Newton-Cotes integration and Gaussian integration are staples of numerical textbooks. And Gaussian integration is said to be better than Newton-Cotes rules because a Newton-Cotes rule on N+1 points can integrate polynomials up to order x^N, (x^{N+1} if N is even) whereas a Gaussian rule on N+1 points can integrate polynomials up to order 2N+1.

Although this is true, it is not a particularly useful measure. The reason that Gaussian integration is better than Newton-Cotes is that Gaussian integral approximations approach the exact value geometrically in N. In general this is not the case for Newton-Cotes.

We can see this by looking at Runge’s function

    \[ f(x)=\frac{1}{1+25x^2} \]

over the interval [-1,1], for which

    \[ \int^1_{-1}f(x)\,dx=\frac{2}{5}\arctan(5)\approx 0.5493603068. \]

So let’s check out Newton-Cotes of different orders.

We shall start with 5 points; the rule so determined is called Boole’s rule. Since this rule is to be accurate for x^n for each n=0,1,2,3,4, we can find the weights by using a Vandermonde matrix:

(1) -> N:=4
(2) -> xs:=[-1+2*k/N for k in 0..N]
(3) -> M := matrix [[xs.i^j for i in 1..N+1] for j in 0..N]
(4) -> V:= vector [((-1)^k+1)/(k+1) for k in 0..N]

We now need to solve the equation M\mathbf{x}=V; this is best done in PanAxiom by computing the row echelon form of the concatenation of M and V:

(5) -> MV:=rowEchelon(horizConcat(M,V))
(6) -> ws:=column(MV,N+2)

    \[ \left[\frac{7}{45},\frac{32}{45},\frac{4}{15},\frac{32}{45},\frac{7}{45}\right] \]

These are the weights of Boole’s rule.
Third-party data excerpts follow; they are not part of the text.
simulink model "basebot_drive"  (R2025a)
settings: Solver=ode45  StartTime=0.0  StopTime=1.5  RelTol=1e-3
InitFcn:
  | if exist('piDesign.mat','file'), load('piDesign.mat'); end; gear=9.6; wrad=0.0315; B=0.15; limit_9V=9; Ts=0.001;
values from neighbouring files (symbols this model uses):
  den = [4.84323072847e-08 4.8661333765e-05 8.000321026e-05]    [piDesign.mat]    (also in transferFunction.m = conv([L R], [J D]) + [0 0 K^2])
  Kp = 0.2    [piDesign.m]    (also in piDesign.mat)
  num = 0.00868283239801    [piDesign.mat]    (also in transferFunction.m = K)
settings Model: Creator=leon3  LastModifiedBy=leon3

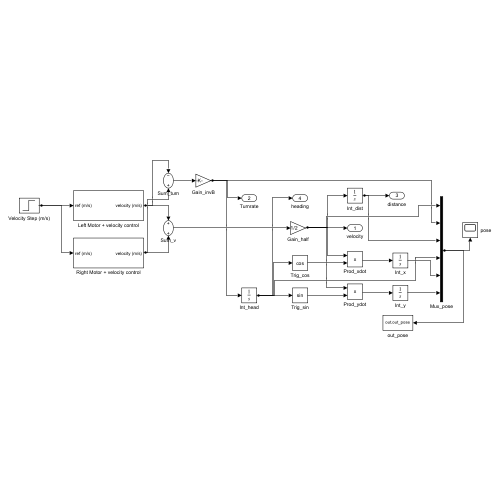
[thumbnail: Simulink's stored preview of the top-level diagram]
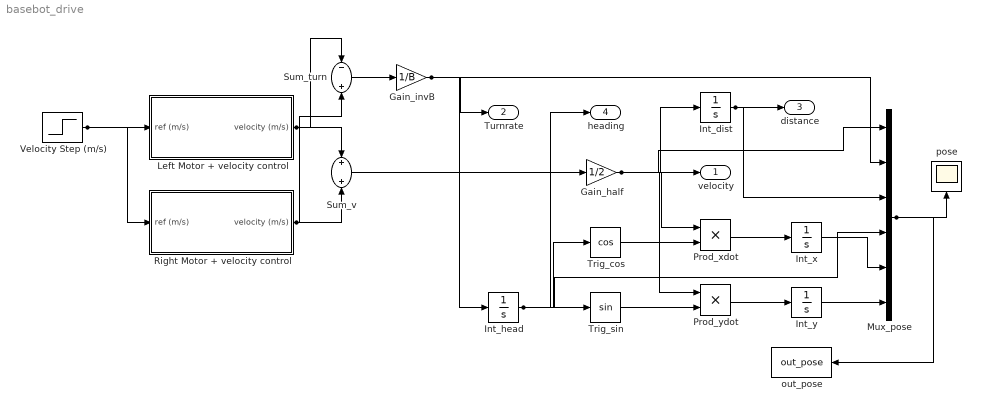
== system basebot_drive ==
  Gain_half : Gain  Gain=1/2
  Gain_invB : Gain  Gain=1/B
  Int_dist : Integrator
  Int_head : Integrator
  Int_x : Integrator
  Int_y : Integrator
  Left Motor + velocity control : Subsystem
  Mux_pose : Mux  Inputs=6
  Prod_xdot : Product  Inputs=**
  Prod_ydot : Product  Inputs=**
  Right Motor + velocity control : Subsystem
  Sum_turn : Sum  Inputs=-+
  Sum_v : Sum
  Trig_cos : Trigonometry  Operator=cos
  Trig_sin : Trigonometry
  Velocity Step (m/s) : Step  Time=0.1  After=0.4  SampleTime=0
  out_pose : ToWorkspace  VariableName=out_pose  SaveFormat=Timeseries  SampleTime=-1
  pose : Scope
  velocity : Outport
  Turnrate : Outport  Port=2
  distance : Outport  Port=3
  heading : Outport  Port=4
  wires:
  Gain_half/1 -> Int_dist/1, velocity/1, Prod_ydot/1, Prod_xdot/1, Mux_pose/1
  Velocity Step (m/s)/1 -> Left Motor + velocity control/1(ref (m/s)), Right Motor + velocity control/1(ref (m/s))
  Sum_v/1 -> Gain_half/1
  Left Motor + velocity control/1(velocity (m/s)) -> Sum_turn/1, Sum_v/1
  Right Motor + velocity control/1(velocity (m/s)) -> Sum_v/2, Sum_turn/2
  Gain_invB/1 -> Mux_pose/2, Int_head/1, Turnrate/1
  Sum_turn/1 -> Gain_invB/1
  Int_head/1 -> Trig_sin/1, heading/1, Trig_cos/1, Mux_pose/4
  Prod_xdot/1 -> Int_x/1
  Trig_cos/1 -> Prod_xdot/2
  Trig_sin/1 -> Prod_ydot/2
  Int_dist/1 -> Mux_pose/3, distance/1
  Prod_ydot/1 -> Int_y/1
  Int_x/1 -> Mux_pose/5
  Int_y/1 -> Mux_pose/6
  Mux_pose/1 -> pose/1, out_pose/1

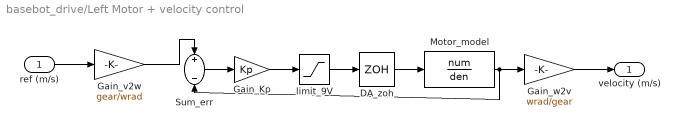
== system basebot_drive/Left Motor + velocity control ==
  ref (m/s) : Inport
  DA_zoh : ZeroOrderHold  SampleTime=0.001
  Gain_Kp : Gain  Gain=Kp
  Gain_v2w : Gain  Gain=gear/wrad
  Gain_w2v : Gain  Gain=wrad/gear
  Motor_model : TransferFcn  Numerator=num  Denominator=den
  Sum_err : Sum  Inputs=+-
  limit_9V : Saturate  UpperLimit=9  LowerLimit=-9
  velocity (m/s) : Outport
  wires:
  ref (m/s)/1 -> Gain_v2w/1
  Gain_v2w/1 -> Sum_err/1
  Sum_err/1 -> Gain_Kp/1
  Gain_Kp/1 -> limit_9V/1
  limit_9V/1 -> DA_zoh/1
  DA_zoh/1 -> Motor_model/1
  Motor_model/1 -> Gain_w2v/1, Sum_err/2
  Gain_w2v/1 -> velocity (m/s)/1

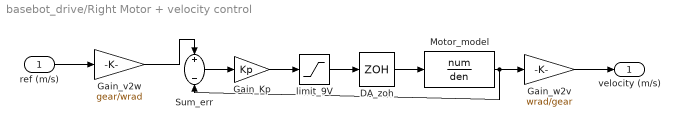
== system basebot_drive/Right Motor + velocity control ==
  ref (m/s) : Inport
  DA_zoh : ZeroOrderHold  SampleTime=0.001
  Gain_Kp : Gain  Gain=Kp
  Gain_v2w : Gain  Gain=gear/wrad
  Gain_w2v : Gain  Gain=wrad/gear
  Motor_model : TransferFcn  Numerator=num  Denominator=den
  Sum_err : Sum  Inputs=+-
  limit_9V : Saturate  UpperLimit=9  LowerLimit=-9
  velocity (m/s) : Outport
  wires:
  ref (m/s)/1 -> Gain_v2w/1
  Gain_v2w/1 -> Sum_err/1
  Sum_err/1 -> Gain_Kp/1
  Gain_Kp/1 -> limit_9V/1
  limit_9V/1 -> DA_zoh/1
  DA_zoh/1 -> Motor_model/1
  Motor_model/1 -> Gain_w2v/1, Sum_err/2
  Gain_w2v/1 -> velocity (m/s)/1

Applied to the quadrature of Runge’s function:

(7) -> nc5:=numeric reduce(+,[f(xs.i)*ws.i for i in 1..N+1])

    \[ 0.4748010610\_0795755968 \]

and this value is within about 0.075 of the exact value. The results are far worse for higher values of N. If we go through all the above steps for N=12 and N=24, the results (to 10 decimal places) are

    \[ -0.0625873032 \]


    \[ -20.4255502076 \]

respectively. And this is what is to be expected of Newton-Cotes rules: that higher rules in general provide very poor results. (This is why, in practice, you use a lower order rule, such as Simpson’s rule, on a sequence of small sub-intervals).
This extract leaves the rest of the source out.